The Moody Blues ... from cabaret turns to cosmic troubadours. Photograph: Photoshot/Getty Images
The Moody Blues ... from cabaret turns to cosmic troubadours. Photograph: Photoshot/Getty Images

The Moody Blues – psychedelia’s forgotten heroes

This article is more than 8 years old

They were written off by critics as cheesy imposters, but the Moodies have endured far better than that of some of their trippier, more credible rivals

If you watch any of Sky Arts’ endlessly repeated programme output, you can’t have failed at some point to chance upon the Moody Blues’ magnificent performance at the 1970 Isle of Wight pop festival. The event is best remembered now for Jimi Hendrix giving advance notice of his impending demise, and a narcoleptic Jim Morrison grunting his way through a lacklustre Doors performance, but it’s the Moodies who stole the show. They appeared on stage that August bank holiday weekend, just as the sun was going down on the Saturday evening, and, with a twilight backdrop to die for, proceeded to charm the loon pants off the crowd. And yet, despite this era-defining performance, they remain one of the last critically unrehabilitated bands of the 60s.

They are certainly not the first band you think of when compiling a list of psychedelia’s great and good, but their achievements were many. They deserve their place in my book Psychedelia and Other Colours – alongside Pink Floyd, Soft Machine and the rest of the psychedelic A-list – not least because it was in the fringes of psychedelia that much of the genre’s best music was made, often by the supposedly drug-free bands who were written off as bandwagon jumpers.
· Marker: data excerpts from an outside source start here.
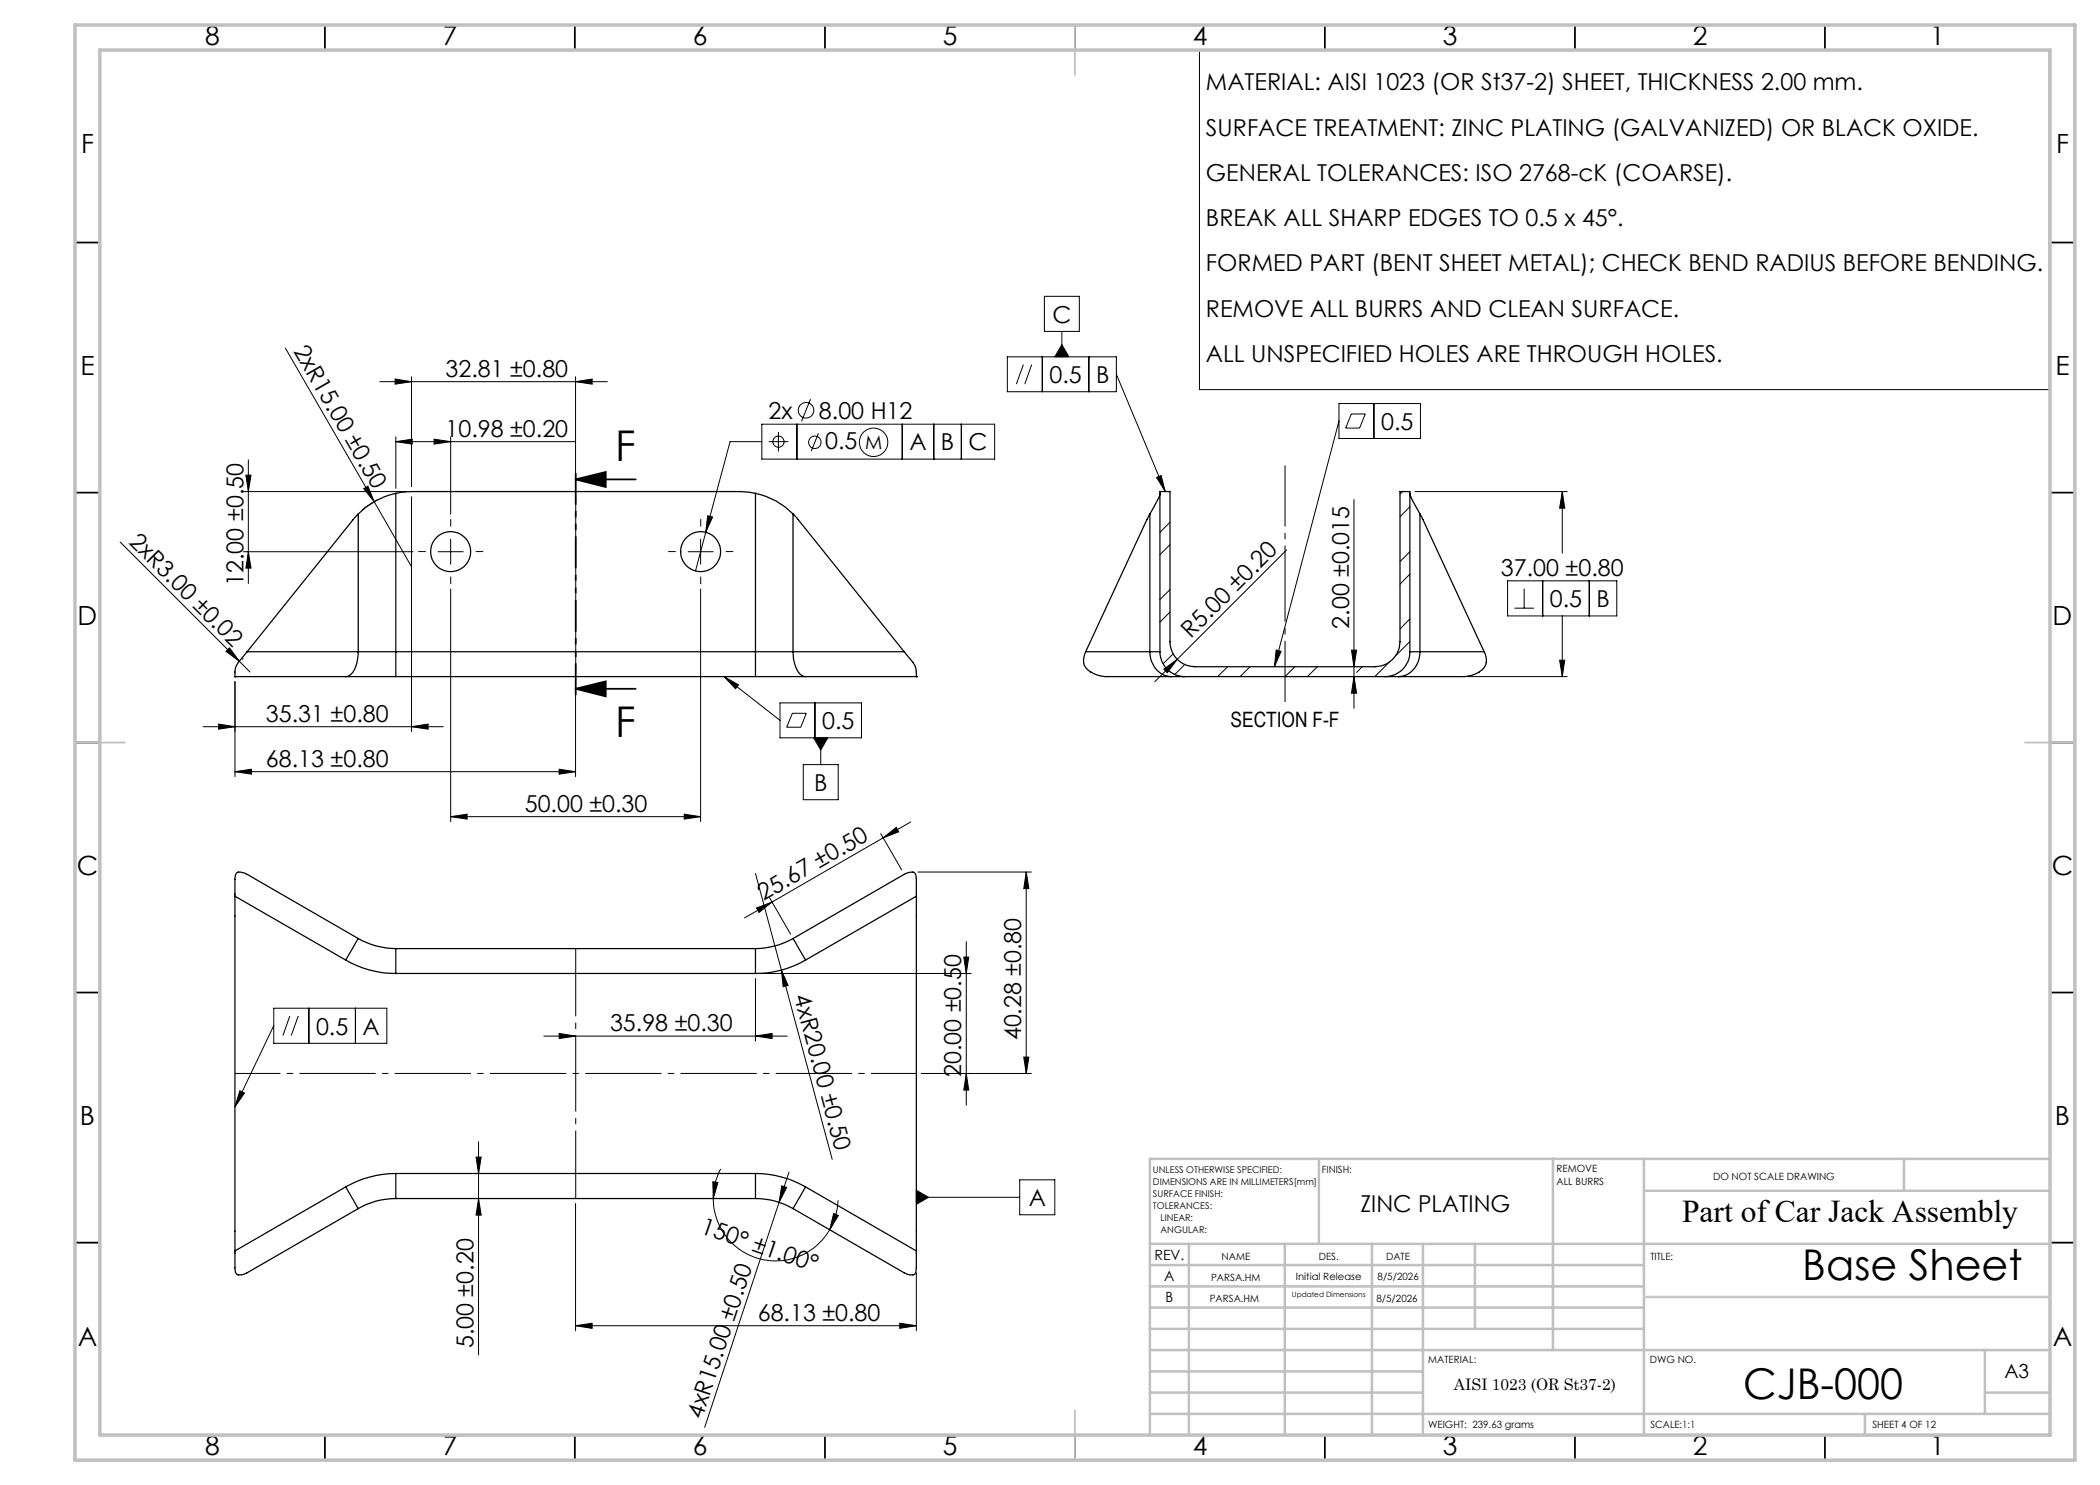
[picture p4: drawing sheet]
<svg xmlns="http://www.w3.org/2000/svg" width="420mm" height="297mm" viewBox="0 0 420 297" stroke-linecap="round" stroke-linejoin="round" font-family="sans-serif">
<g fill="none" stroke="#000" stroke-width=".25">
<path d="M79.2 98.7a15 15 0 0 0-7.6 4.1M79.2 98.7l3.1-.4h65.7l3.1 .4M79.2 98.7v31.6M151.1 98.7a15 15 0 0 1 7.5 4.1M151.1 98.7v31.6M232 98.7a15.4 15.4 0 0 1-2 4.1M282 98.7a15.4 15.4 0 0 0 2 4.1M71.6 102.8l-22.2 27.5M71.6 102.8v27.5M158.6 102.8l22.2 27.5M158.6 102.8v27.5M230 102.8l-12.9 27.5"/>
<path d="M230 102.8v27.5M284 102.8l12.8 27.5M284 102.8v27.5M47 135.3h.1M47 135.3h22.1M49.4 130.3l-.6 .8a5.8 5.8 0 0 0-1.8 3.1v1.1M49.4 130.3h22.2M69.1 135.3h10.1M71.6 130.3a6 6 0 0 1-1.7 4.8l-.8 .2M71.6 130.3h7.6M79.2 130.3v5M79.2 135.3h71.9"/>
<path d="M79.2 130.3h71.9M151.1 130.3h7.5M151.1 130.3v5M151.1 135.3h10M158.6 130.3a6 6 0 0 0 1.7 4.8l.8 .2M158.6 130.3h22.2M161.1 135.3h22.2M180.8 130.3l.6 .8a5.5 5.5 0 0 1 1.8 3.1l.1 1.1M183.3 135.3h.1M217.1 130.3a2.8 2.8 0 0 0 1.1 4.1 6.3 6.3 0 0 0 3.3 .9h12.8M217.1 130.3h12.9M230 130.3h2"/>
<path d="M230 130.3a4.7 4.7 0 0 0 4.3 5M232 130.3v-32h2v30a5 5 0 0 0 5 5h36a5.1 5.1 0 0 0 5-5v-30h2v32M232 130.3a5 5 0 0 0 5 5M234.3 135.3h2.7M237 135.3h40M277 135.3h2.7M282 130.3a4.9 4.9 0 0 1-5 5M282 130.3h2M284 130.3a4.7 4.7 0 0 1-4.3 5M284 130.3h12.8M296.8 130.3a2.82 2.82 0 0 1-1 4.1 6.5 6.5 0 0 1-3.3 .9h-12.8M47 179.2v-2.4a3.8 3.8 0 0 1 .3-2.2 2.26 2.26 0 0 1 2.1 .3l22.2 12.8"/>
<path d="M47 179.2v71M47 179.2l22.1 12.8M183.3 179.2v-3.3a1.23 1.23 0 0 0-.7-1.5l-1.2 .2-.6 .3-22.2 12.8M183.3 179.2l-22.2 12.8M183.3 179.2v71M69.1 192a19.7 19.7 0 0 0 10.1 2.7M71.6 187.7a15.3 15.3 0 0 0 7.6 2M71.6 187.7l-2.5 4.3M79.2 189.7v5M79.2 194.7h71.9M79.2 189.7h71.9M151.1 189.7v5"/>
<path d="M158.6 187.7a15.6 15.6 0 0 1-7.5 2M158.6 187.7l2.5 4.3M161.1 192a19.7 19.7 0 0 1-10 2.7M69.1 237.4l2.5 4.3M69.1 237.4l-22.1 12.8M79.2 234.7a20.7 20.7 0 0 0-10.1 2.7M79.2 234.7v5M79.2 239.7a14.4 14.4 0 0 0-7.6 2M79.2 234.7h71.9M79.2 239.7h71.9M151.1 234.7a20.7 20.7 0 0 1 10 2.7M151.1 239.7a14.6 14.6 0 0 1 7.5 2"/>
<path d="M151.1 234.7v5M161.1 237.4l-2.5 4.3M161.1 237.4l22.2 12.8M71.6 241.7l-22.2 12.9a2.26 2.26 0 0 1-2.1 .2 3.8 3.8 0 0 1-.3-2.1v-2.5M158.6 241.7l22.2 12.9a2.26 2.26 0 0 0 2.2 .2l.2-.3 .1-1v-3.3"/>
<circle cx="90.1" cy="110.3" r="4"/>
<circle cx="140.1" cy="110.3" r="4"/>
</g>
<g fill="none" stroke="#000" stroke-width=".2">
<path d="M239.9 10.1h170v67.8h-170zM208.9 59.3h7v7h-7zM57.1 69.6l17.7 30.7M76 76.3h45.5M79 75.8l3.3 .5-3.3 .5zM82.3 75.3v22M115.1 76.3l3.3-.5v1zM115.1 75.3v22M162.1 79.8l-1.8 4.5M201.5 71.4h21.8v6.9h-21.8zM204.7 72.9l-1.4 3.9M206.3 72.9l-1.3 3.9"/>
<path d="M208.5 71.4v6.9M212.4 68.9l1.4 2.5h-2.8zM212.4 66.3v5.1M217.8 71.4v6.9M223.3 74.9l9.7 23.4M48.7 98.3h32.6M49.2 95h1l-.5 3.3zM49.7 92v24.7M72.7 97.8l.9-.6 1.2 3.1zM75.7 99.9l-1.3 .7-2 1.5M79.2 88.3l3.2-.5v1zM79.2 88.3h35.7"/>
<path d="M79.2 87.3v10.4M82.3 99.3v47M86.8 87.8l3.3 .5-3.3 .5zM90.1 87.3v15.5M152.4 88.3h-6.4l-4.9 18.2M152.4 84.8h46.5v7h-46.5zM153.7 88.3h4M155.7 86.4v3.9M159.4 84.8v7M163.7 86.7l-1.5 3.5M180.4 84.8v7M186.8 84.8v7"/>
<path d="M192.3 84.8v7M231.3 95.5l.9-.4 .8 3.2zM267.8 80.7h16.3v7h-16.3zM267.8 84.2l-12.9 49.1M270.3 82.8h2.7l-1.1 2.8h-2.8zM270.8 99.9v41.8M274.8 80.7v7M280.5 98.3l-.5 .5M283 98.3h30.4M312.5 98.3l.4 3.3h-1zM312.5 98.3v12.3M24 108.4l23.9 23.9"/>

As with Fleetwood Mac, but without the casualty count and the psychodrama, the Moody Blues story is one of reinvention and renewal. By the summer of 1966, the group was all but washed up. It had been 18 months since they got to No 1 in the pop charts with their cover of the Bessie Banks R&B classic Go Now and they hadn’t had a top 10 hit since. They had been reduced to a cabaret turn on the chicken-in-a-basket circuit when they reached their nadir in Newcastle – an aggrieved punter came backstage to tell them they were the worst band he had ever seen. So lacerating was the verdict that sensitive new guitarist Justin Hayward burst into tears. The band conceded that the punter might have had a point and ditched the blue suits and corny nightclub patter, transforming themselves into cosmic troubadours. In 1967, Decca Records asked them to record an album for their Deram imprint that would show off the versatility of the label’s new Deramic Stereo Sound system. The brief was to make a pop version of Dvorak’s New World Symphony aimed at hi-fi buffs. What Decca got instead was a lushly orchestrated album of the Moodies’ own material called Days of Future Passed. Sales were reasonable but not spectacular, and the chosen single, Nights in White Satin, barely scraped into the top 20 on its first release, but the Moody Blues never played a cabaret club again.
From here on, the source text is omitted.